About sixty young women have been targeted for several months by very explicit messages of rape, murder, forcible confinement or torture on the CuriousCat social network. (illustration photo) - GERALT / PIXABAY

  • About sixty young women have been targeted in recent months by very explicit messages of rape, murder, forcible confinement or torture on the CuriousCat social network.
  • Several victims wanted to file a complaint, but most said they encountered general indifference, even a certain contempt on the part of the police and gendarmes.
  • “A first investigation was opened in Lille on Friday May 29. And Tuesday, June 2, an investigation was opened by the Pontoise Prosecutor's Office which entrusted the investigations to the section to fight organized crime ", explains to 20 Minutes Me Eric Morain, who today defends 22 complainants.

"I fantasize of cutting you with a scalpel and depositing your butchered corpses in garbage bags at the slaughterhouse". This is one of the messages received a few weeks ago by Marjorie, a user of the CuriousCat social network. Like her, around sixty young women have been targeted for several months by very explicit threats of rape, murder, forcible confinement or torture. "I am part of the super club for victims of a madman who sends us hate messages, rape, torture, death and so on. I received a total of over a hundred, ”says Marjorie .

Naomy, Donya, Masha, Marie, Louella, Illona and even Ophélie also live a real ordeal. Coming from all over France, Lille, Lyon, Marseille, Béziers and the Paris region, all say that they received, overnight, hundreds of threats and insults on CuriousCat, a social network born in Spain and detained since 2018 by a South Korean company, which presents itself as "an anonymous place of questions and answers" and now has millions of users worldwide.

I am part of the super club for victims of a madman who sends us messages of rape, torture, death, racial hatred and so on. We all receive the same messages and sometimes personalized. CC does nothing, neither does the police. More than 100 messages to my credit. ccabuse pic.twitter.com/zdwz8zLWOf

- Vegan Pussy ™ #BLACK_LIVES_MATTER (@hypnofaz) May 24, 2020

Cyber ​​harassment, doxing, death threats ...
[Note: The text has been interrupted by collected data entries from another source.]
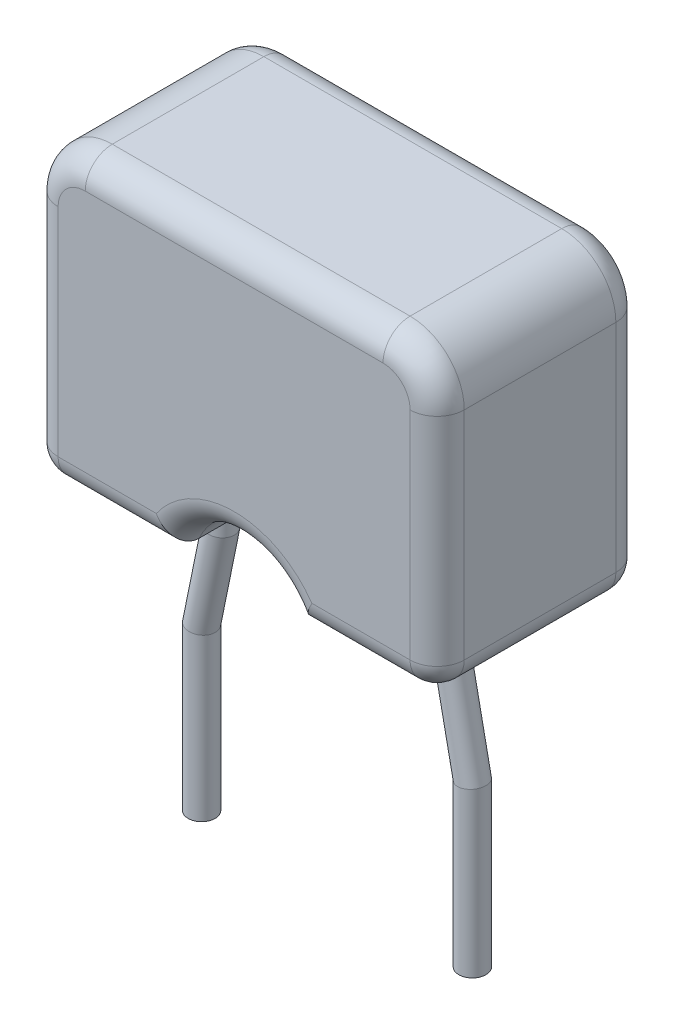
ISO-10303-21;
HEADER;
FILE_DESCRIPTION(('STEP AP214'),'2;1');
FILE_NAME('part.step','',(''),(''),'','','');
FILE_SCHEMA(('AUTOMOTIVE_DESIGN { 1 0 10303 214 1 1 1 1 }'));
ENDSEC;
DATA;
#1=APPLICATION_CONTEXT('core data for automotive mechanical design processes');
#2=APPLICATION_PROTOCOL_DEFINITION('international standard','automotive_design',2000,#1);
#3=PRODUCT_CONTEXT('',#1,'mechanical');
#4=PRODUCT('Part','Part','',(#3));
#5=PRODUCT_RELATED_PRODUCT_CATEGORY('part','',(#4));
#6=PRODUCT_DEFINITION_FORMATION('','',#4);
#7=PRODUCT_DEFINITION_CONTEXT('part definition',#1,'design');
#8=PRODUCT_DEFINITION('design','',#6,#7);
#9=PRODUCT_DEFINITION_SHAPE('','',#8);
#10=(LENGTH_UNIT() NAMED_UNIT(*) SI_UNIT(.MILLI.,.METRE.));
#11=(NAMED_UNIT(*) PLANE_ANGLE_UNIT() SI_UNIT($,.RADIAN.));
#12=(NAMED_UNIT(*) SI_UNIT($,.STERADIAN.) SOLID_ANGLE_UNIT());
#13=UNCERTAINTY_MEASURE_WITH_UNIT(LENGTH_MEASURE(1.E-05),#10,'distance_accuracy_value','');
#14=(GEOMETRIC_REPRESENTATION_CONTEXT(3) GLOBAL_UNCERTAINTY_ASSIGNED_CONTEXT((#13)) GLOBAL_UNIT_ASSIGNED_CONTEXT((#10,
#11,#12)) REPRESENTATION_CONTEXT('',''));
#15=CARTESIAN_POINT('',(0.,0.,0.));
#16=DIRECTION('',(0.,0.,1.));
#17=DIRECTION('',(1.,0.,0.));
#18=AXIS2_PLACEMENT_3D('',#15,#16,#17);
#19=CARTESIAN_POINT('',(-3.75,-2.75,3.8));
#20=DIRECTION('',(0.,1.,0.));
#21=DIRECTION('',(0.,0.,1.));
#22=AXIS2_PLACEMENT_3D('',#19,#20,#21);
#23=PLANE('',#22);
#24=CARTESIAN_POINT('',(-2.14564392373896,-2.75,1.9));
#25=DIRECTION('',(0.,1.,0.));
#26=DIRECTION('',(0.,0.,1.));
#27=AXIS2_PLACEMENT_3D('',#24,#25,#26);
#28=CIRCLE('',#27,0.25);
#29=CARTESIAN_POINT('',(-2.14564392373896,-2.75,2.15));
#30=VERTEX_POINT('',#29);
#31=EDGE_CURVE('E71',#30,#30,#28,.F.);
#32=ORIENTED_EDGE('',*,*,#31,.F.);
#33=EDGE_LOOP('',(#32));
#34=FACE_BOUND('',#33,.T.);
#35=DIRECTION('',(0.,0.,-1.));
#36=VECTOR('',#35,1.);
#37=CARTESIAN_POINT('',(-3.25,-2.75,3.8));
#38=LINE('',#37,#36);
#39=CARTESIAN_POINT('',(-3.25,-2.75,3.3));
#40=VERTEX_POINT('',#39);
#41=CARTESIAN_POINT('',(-3.25,-2.75,0.5));
#42=VERTEX_POINT('',#41);
#43=EDGE_CURVE('E442',#40,#42,#38,.T.);
#44=ORIENTED_EDGE('',*,*,#43,.T.);
#45=DIRECTION('',(1.,0.,0.));
#46=VECTOR('',#45,1.);
#47=CARTESIAN_POINT('',(-1.14564392373896,-2.75,0.5));
#48=LINE('',#47,#46);
#49=CARTESIAN_POINT('',(-1.14564392373896,-2.75,0.5));
#50=VERTEX_POINT('',#49);
#51=EDGE_CURVE('E241',#42,#50,#48,.T.);
#52=ORIENTED_EDGE('',*,*,#51,.T.);
#53=DIRECTION('',(0.,0.,1.));
#54=VECTOR('',#53,1.);
#55=CARTESIAN_POINT('',(-1.14564392373896,-2.75,0.));
#56=LINE('',#55,#54);
#57=CARTESIAN_POINT('',(-1.14564392373896,-2.75,3.3));
#58=VERTEX_POINT('',#57);
#59=EDGE_CURVE('E420',#50,#58,#56,.T.);
#60=ORIENTED_EDGE('',*,*,#59,.T.);
#61=DIRECTION('',(1.,0.,0.));
#62=VECTOR('',#61,1.);
#63=CARTESIAN_POINT('',(-3.75,-2.75,3.3));
#64=LINE('',#63,#62);
#65=EDGE_CURVE('E239',#58,#40,#64,.F.);
#66=ORIENTED_EDGE('',*,*,#65,.T.);
#67=EDGE_LOOP('',(#44,#52,#60,#66));
#68=FACE_BOUND('',#67,.T.);
#69=ADVANCED_FACE('F63',(#34,#68),#23,.F.);
#70=CARTESIAN_POINT('',(3.75,-2.75,3.8));
#71=DIRECTION('',(-1.,0.,0.));
#72=DIRECTION('',(0.,0.,1.));
#73=AXIS2_PLACEMENT_3D('',#70,#71,#72);
#74=PLANE('',#73);
#75=DIRECTION('',(0.,0.,-1.));
#76=VECTOR('',#75,1.);
#77=CARTESIAN_POINT('',(3.75,-2.25,3.8));
#78=LINE('',#77,#76);
#79=CARTESIAN_POINT('',(3.75,-2.25,3.3));
#80=VERTEX_POINT('',#79);
#81=CARTESIAN_POINT('',(3.75,-2.25,0.5));
#82=VERTEX_POINT('',#81);
#83=EDGE_CURVE('E434',#80,#82,#78,.T.);
#84=ORIENTED_EDGE('',*,*,#83,.T.);
#85=DIRECTION('',(0.,1.,0.));
#86=VECTOR('',#85,1.);
#87=CARTESIAN_POINT('',(3.75,1.75,0.5));
#88=LINE('',#87,#86);
#89=CARTESIAN_POINT('',(3.75,1.75,0.5));
#90=VERTEX_POINT('',#89);
#91=EDGE_CURVE('E258',#82,#90,#88,.T.);
#92=ORIENTED_EDGE('',*,*,#91,.T.);
#93=DIRECTION('',(0.,0.,-1.));
#94=VECTOR('',#93,1.);
#95=CARTESIAN_POINT('',(3.75,1.75,3.8));
#96=LINE('',#95,#94);
#97=CARTESIAN_POINT('',(3.75,1.75,3.3));
#98=VERTEX_POINT('',#97);
#99=EDGE_CURVE('E445',#90,#98,#96,.F.);
#100=ORIENTED_EDGE('',*,*,#99,.T.);
#101=DIRECTION('',(0.,1.,0.));
#102=VECTOR('',#101,1.);
#103=CARTESIAN_POINT('',(3.75,-2.75,3.3));
#104=LINE('',#103,#102);
#105=EDGE_CURVE('E256',#98,#80,#104,.F.);
#106=ORIENTED_EDGE('',*,*,#105,.T.);
#107=EDGE_LOOP('',(#84,#92,#100,#106));
#108=FACE_BOUND('',#107,.T.);
#109=ADVANCED_FACE('F384',(#108),#74,.F.);
#110=CARTESIAN_POINT('',(-3.75,2.75,3.8));
#111=DIRECTION('',(0.,-1.,0.));
#112=DIRECTION('',(0.,0.,-1.));
#113=AXIS2_PLACEMENT_3D('',#110,#111,#112);
#114=PLANE('',#113);
#115=DIRECTION('',(0.,0.,-1.));
#116=VECTOR('',#115,1.);
#117=CARTESIAN_POINT('',(2.75,2.75,3.8));
#118=LINE('',#117,#116);
#119=CARTESIAN_POINT('',(2.75,2.75,3.3));
#120=VERTEX_POINT('',#119);
#121=CARTESIAN_POINT('',(2.75,2.75,0.5));
#122=VERTEX_POINT('',#121);
#123=EDGE_CURVE('E475',#120,#122,#118,.T.);
#124=ORIENTED_EDGE('',*,*,#123,.T.);
#125=DIRECTION('',(-1.,0.,0.));
#126=VECTOR('',#125,1.);
#127=CARTESIAN_POINT('',(-2.75,2.75,0.5));
#128=LINE('',#127,#126);
#129=CARTESIAN_POINT('',(-2.75,2.75,0.5));
#130=VERTEX_POINT('',#129);
#131=EDGE_CURVE('E225',#122,#130,#128,.T.);
#132=ORIENTED_EDGE('',*,*,#131,.T.);
#133=DIRECTION('',(0.,0.,-1.));
#134=VECTOR('',#133,1.);
#135=CARTESIAN_POINT('',(-2.75,2.75,3.8));
#136=LINE('',#135,#134);
#137=CARTESIAN_POINT('',(-2.75,2.75,3.3));
#138=VERTEX_POINT('',#137);
#139=EDGE_CURVE('E478',#130,#138,#136,.F.);
#140=ORIENTED_EDGE('',*,*,#139,.T.);
#141=DIRECTION('',(-1.,0.,0.));
#142=VECTOR('',#141,1.);
#143=CARTESIAN_POINT('',(-3.75,2.75,3.3));
#144=LINE('',#143,#142);
#145=EDGE_CURVE('E223',#138,#120,#144,.F.);
#146=ORIENTED_EDGE('',*,*,#145,.T.);
#147=EDGE_LOOP('',(#124,#132,#140,#146));
#148=FACE_BOUND('',#147,.T.);
#149=ADVANCED_FACE('F391',(#148),#114,.F.);
#150=CARTESIAN_POINT('',(-3.75,-2.75,3.8));
#151=DIRECTION('',(1.,0.,0.));
#152=DIRECTION('',(0.,0.,-1.));
#153=AXIS2_PLACEMENT_3D('',#150,#151,#152);
#154=PLANE('',#153);
#155=DIRECTION('',(0.,0.,-1.));
#156=VECTOR('',#155,1.);
#157=CARTESIAN_POINT('',(-3.75,1.75,3.8));
#158=LINE('',#157,#156);
#159=CARTESIAN_POINT('',(-3.75,1.75,3.3));
#160=VERTEX_POINT('',#159);
#161=CARTESIAN_POINT('',(-3.75,1.75,0.5));
#162=VERTEX_POINT('',#161);
#163=EDGE_CURVE('E440',#160,#162,#158,.T.);
#164=ORIENTED_EDGE('',*,*,#163,.T.);
#165=DIRECTION('',(0.,-1.,0.));
#166=VECTOR('',#165,1.);
#167=CARTESIAN_POINT('',(-3.75,-2.25,0.5));
#168=LINE('',#167,#166);
#169=CARTESIAN_POINT('',(-3.75,-2.25,0.5));
#170=VERTEX_POINT('',#169);
#171=EDGE_CURVE('E233',#162,#170,#168,.T.);
#172=ORIENTED_EDGE('',*,*,#171,.T.);
#173=DIRECTION('',(0.,0.,-1.));
#174=VECTOR('',#173,1.);
#175=CARTESIAN_POINT('',(-3.75,-2.25,3.8));
#176=LINE('',#175,#174);
#177=CARTESIAN_POINT('',(-3.75,-2.25,3.3));
#178=VERTEX_POINT('',#177);
#179=EDGE_CURVE('E209',#170,#178,#176,.F.);
#180=ORIENTED_EDGE('',*,*,#179,.T.);
#181=DIRECTION('',(0.,-1.,0.));
#182=VECTOR('',#181,1.);
#183=CARTESIAN_POINT('',(-3.75,-2.75,3.3));
#184=LINE('',#183,#182);
#185=EDGE_CURVE('E231',#178,#160,#184,.F.);
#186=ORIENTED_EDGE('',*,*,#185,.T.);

“It started for me last January. I was inundated with abject messages, between 10 and 30 a day. Very detailed descriptions of torture and rape, some referring to serial killers like "Montreal killer" Luka Rocco Magnotta, and some personalized messages on things I told on my Twitter feed, "says Marjorie at 20 Minutes . “As a rape victim, it was very difficult to read a stranger who described how he was going to rape and kill me. I did not understand why they wanted me to hurt so much, I even at one point suspected former people around me, I became paranoid… ”

Naomy began receiving malicious messages in early March, just before the confinement. “I received a lot of hate messages, especially of a racist nature, but also a video where we saw people beheaded, get their eyes blown. It traumatized me, ”says the young woman who lives in the south of France. "Then I started telling friends about it on Twitter, and I realized that I was not the only victim. The messages we received were sometimes even copied and pasted, which arrived on our accounts five to ten minutes apart ”.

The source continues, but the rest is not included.